For you to share access both ways your going to need to setup a site to site vpn on your routers. Your box server (host) has no router to the 192.168.1.0/24 network (client side) You could try adding it by hand, but I don't think his box will act as actual gateway.

The incoming built in vpn is more of a road warrior setup, I do not believe it was ever meant to go both ways. Or that for the client connecting to it.

What routers do you have? And you can setup a site to site. Or I seem someone is running hamachi -- do believe you could use that for your site to site setup.

Site to site with machines on each network is a pain because no other boxes on the other networks will have routes for those other networks, which is why its better to do on the router, because all the clients on each network use that as their gateway anyway and talk to the router whenever they want to go to any network other than local, be it neowin.net or some other private network -- if the routers have connections between them then they will both route the traffic to the other networks.

[Axel]

Ah right I see, so in essentially we've been successful based on the limitations of the inbuilt windows vpn. We both have a 'BT Homehub 3' router which works fine but is fairly limited in functionality. Have been considering getting a dd-wrt buffalo router but will have to do more research into that.

We also did try hamachi but that would only allow me to access each machine hamachi was installed on and would not just give me full access to his network, unless we could somehow bridge them together. Reason I'd need full access would be due to filestorage his end on a Netgear ReadyNas Duo and there is not hamachi addon for that device.

[+BudMan MVC]

hamachi can be used as full blown site to site if you want.

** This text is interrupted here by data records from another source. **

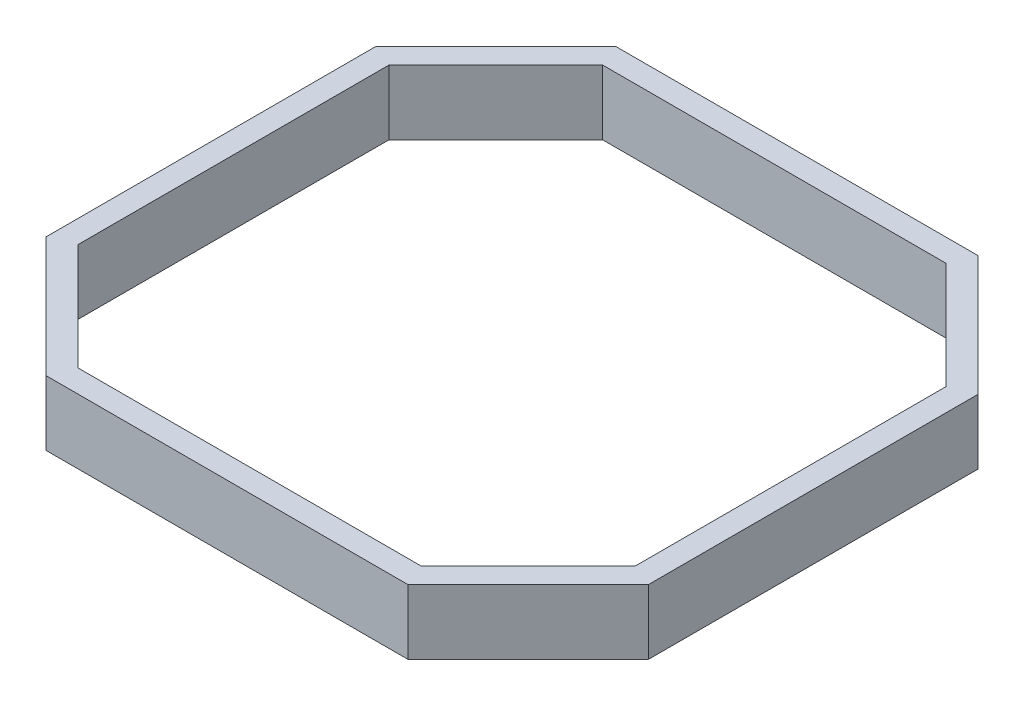
SolidWorks part; units mm, degrees
material "Copper"
ref_plane "Front Plane" through (0, 0, 0) normal (0, 0, 1) x (1, 0, 0)
ref_plane "Top Plane" through (0, 0, 0) normal (0, 1, 0) x (1, 0, 0)
ref_plane "Right Plane" through (0, 0, 0) normal (1, 0, 0) x (0, 0, -1)
sketch "Sketch1" plane through (0, 0, 0) normal (0, 1, 0) x (1, 0, 0)
  line L0 (-43, 24) -> (-26.5, 40.5)
  line L1 (-26.5, -40.5) -> (26.5, -40.5)
  line L2 (-43, -24) -> (-43, 24)
  line L3 (-26.5, 40.5) -> (26.5, 40.5)
  line L4 (43, -24) -> (43, 24)
  line L5 (0, 0) -> (0, -40.5) construction
  line L6 (0, 0) -> (-43, 0) construction
  line L7 (-43, -24) -> (-26.5, -40.5)
  line L8 (26.5, -40.5) -> (43, -24)
  line L9 (26.5, 40.5) -> (43, 24)
  line L10 (0, 0) -> (0, 40.5) construction
  line L11 (0, 0) -> (43, 0) construction
  line L12 (-46.5, 25.4497) -> (-27.9497, 44)
  line L13 (-27.9497, 44) -> (27.9497, 44)
  line L14 (27.9497, 44) -> (46.5, 25.4497)
  line L15 (46.5, -25.4497) -> (46.5, 25.4497)
  line L16 (27.9497, -44) -> (46.5, -25.4497)
  line L17 (-27.9497, -44) -> (27.9497, -44)
  line L18 (-46.5, -25.4497) -> (-27.9497, -44)
  line L19 (-46.5, -25.4497) -> (-46.5, 25.4497)
  point P0 (0, 0)
  dimension "D1" = 86
  dimension "D2" = 81
  dimension "D3" = 48
  dimension "D4" = 53
  dimension "D5" = 3.5
extrude "Boss-Extrude1" add sketch "Sketch1" along normal blind 10
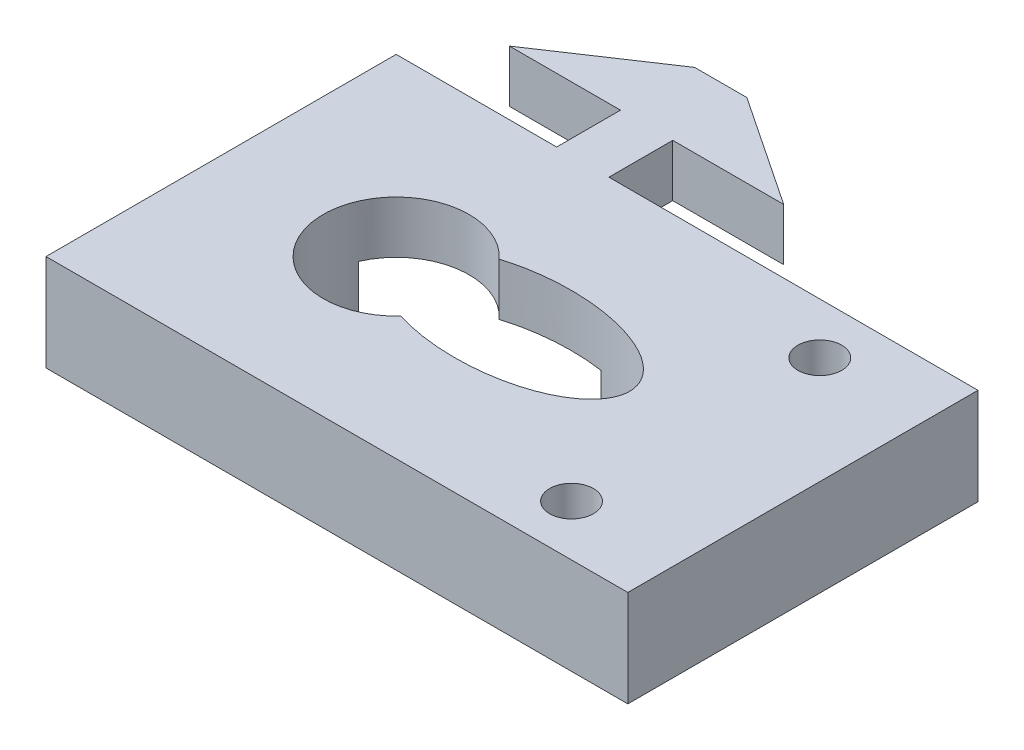
SolidWorks part; units mm, degrees
ref_plane "Front" through (0, 0, 0) normal (0, 0, 1) x (1, 0, 0)
ref_plane "Top" through (0, 0, 0) normal (0, 1, 0) x (1, 0, 0)
ref_plane "Right" through (0, 0, 0) normal (1, 0, 0) x (0, 0, -1)
sketch "Sketch1" plane through (0, 0, 0) normal (0, 1, 0) x (1, 0, 0)
  line L0 (-1.7907, 2.1875) -> (-9.398, 2.1875)
  line L2 (-1.7907, -2.1875) -> (-1.7907, 2.1875)
  line L4 (1.7907, -2.1875) -> (1.7907, 2.1875)
  line L7 (-9.398, 2.1875) -> (-1.7907, 7.2675)
  line L8 (-1.7907, 7.2675) -> (1.7907, 7.2675)
  line L9 (1.7907, 7.2675) -> (9.398, 2.1875)
  line L10 (9.398, 2.1875) -> (1.7907, 2.1875)
  line L11 (1.7907, -2.1875) -> (27.088, -2.1875)
  line L12 (-1.7907, -2.1875) -> (-12.79, -2.1875)
  line L13 (-12.79, -2.1875) -> (-12.79, -26.1875)
  line L14 (-12.79, -26.1875) -> (27.088, -26.1875)
  line L15 (27.088, -26.1875) -> (27.088, -2.1875)
  line L16 (27.088, -2.1875) -> (1.7907, -2.1875)
  point P0 (0, 0)
  point P17 (0, 7.2675)
  point P24 (1.7907, 0)
  dimension "D1" = 18.796
  dimension "D2" = 3.5814
  dimension "D3" = 39.878
  dimension "D4" = 24
  dimension "D5" = 5.08
  dimension "D6" = 12.79
  dimension "D7" = 4.375
extrude "Boss-Extrude1" add sketch "Sketch1" along normal blind 3.5814 contours L14 L15 L11 L4 L10 L9 L8 L7 L0 L2 L12 L13 region at (6.6455, 0, 12.9592)
ref_plane "Plane1" through (0, 1.7907, 0) normal (0, 1, 0) x (1, 0, 0)
sketch "Sketch7" plane through (0, 0, 0) normal (0, 1, 0) x (1, 0, 0)
  line L1 (-12.79, -2.1875) -> (27.088, -2.1875)
  line L2 (-12.79, -2.1875) -> (-12.79, -26.1875)
  line L3 (-12.79, -26.1875) -> (27.088, -26.1875)
  line L4 (27.088, -2.1875) -> (27.088, -26.1875)
extrude "Boss-Extrude2" add sketch "Sketch7" along normal blind 3.035 and the other way blind 3.035
sketch "Sketch5" plane through (0, 3.5814, 0) normal (0, 1, 0) x (1, 0, 0)
  line L0 (-12.79, -2.1875) -> (-12.79, -26.1875) construction
  line L1 (-12.79, -14.1875) -> (27.088, -14.1875) construction
  line L2 (27.088, -26.1875) -> (27.088, -2.1875) construction
  circle A0 centre (-0.79, -14.1875) radius 5
  circle A1 centre (19.738, -22.6965) radius 1.5
  circle A2 centre (19.738, -5.6785) radius 1.5
  ellipse E0 centre (7.21, -14.1875) end of major axis (-0.79, -14.1875) minor radius 4
  point P5 (-12.79, -14.1875)
  dimension "D2" = 10
  dimension "D6" = 3
  dimension "D1" = 12
  dimension "D3" = 8
  dimension "D4" = 16
  dimension "D5" = 17.018
  dimension "D7" = 7.35
extrude "Cut-Extrude3" cut sketch "Sketch5" against normal through all both and the other way through all contours A0 L1 E0 | E0 L1 A0 | A0 L1 E0 | L1 A0 E0 | L1 E0 A0 | L1 A0 E0 | A1 | A2 region at (1.9147, 3.5814, 12.8793) region at (-1.952, 3.5814, 16.6592) region at (1.9147, 3.5814, 15.4957) region at (-1.952, 3.5814, 11.7158) region at (8.8346, 3.5814, 12.3704) region at (8.8346, 3.5814, 16.0046) region at (19.738, 3.5814, 22.6965)
ref_plane "Plane2" through (0, 0, -17.2675) normal (0, 0, -1) x (-1, 0, 0)
sketch "Sketch8" plane through (0, 0, 2.1875) normal (0, 0, -1) x (-1, 0, 0)
  line L0 (-27.088, -3.035) -> (12.79, -3.035) construction
  line L1 (-9.398, 0) -> (9.398, 0)
  line L2 (-9.398, 0) -> (-9.398, -3.035)
  line L3 (-9.398, -3.035) -> (9.398, -3.035)
  line L4 (9.398, 0) -> (9.398, -3.035)
  line L5 (-9.398, 3.5814) -> (-9.398, 0) construction
  line L6 (9.398, 3.5814) -> (9.398, 0) construction
  line L7 (-1.7907, 0) -> (1.7907, 0) construction
extrude "Cut-Extrude4" cut sketch "Sketch8" against normal blind 10

http://community.spiceworks.com/how_to/show/2299

All you need is devices that can get to each others network, and then the correct routing between them. Must easier if done at the gateway, but can be done on boxes inside - just need to let your other boxes know how to get to that network, can be done on your router if yours supports adding routes. If not you would have to put the routes on each box you wanted to be able to get to the other network, be it as a server or a client.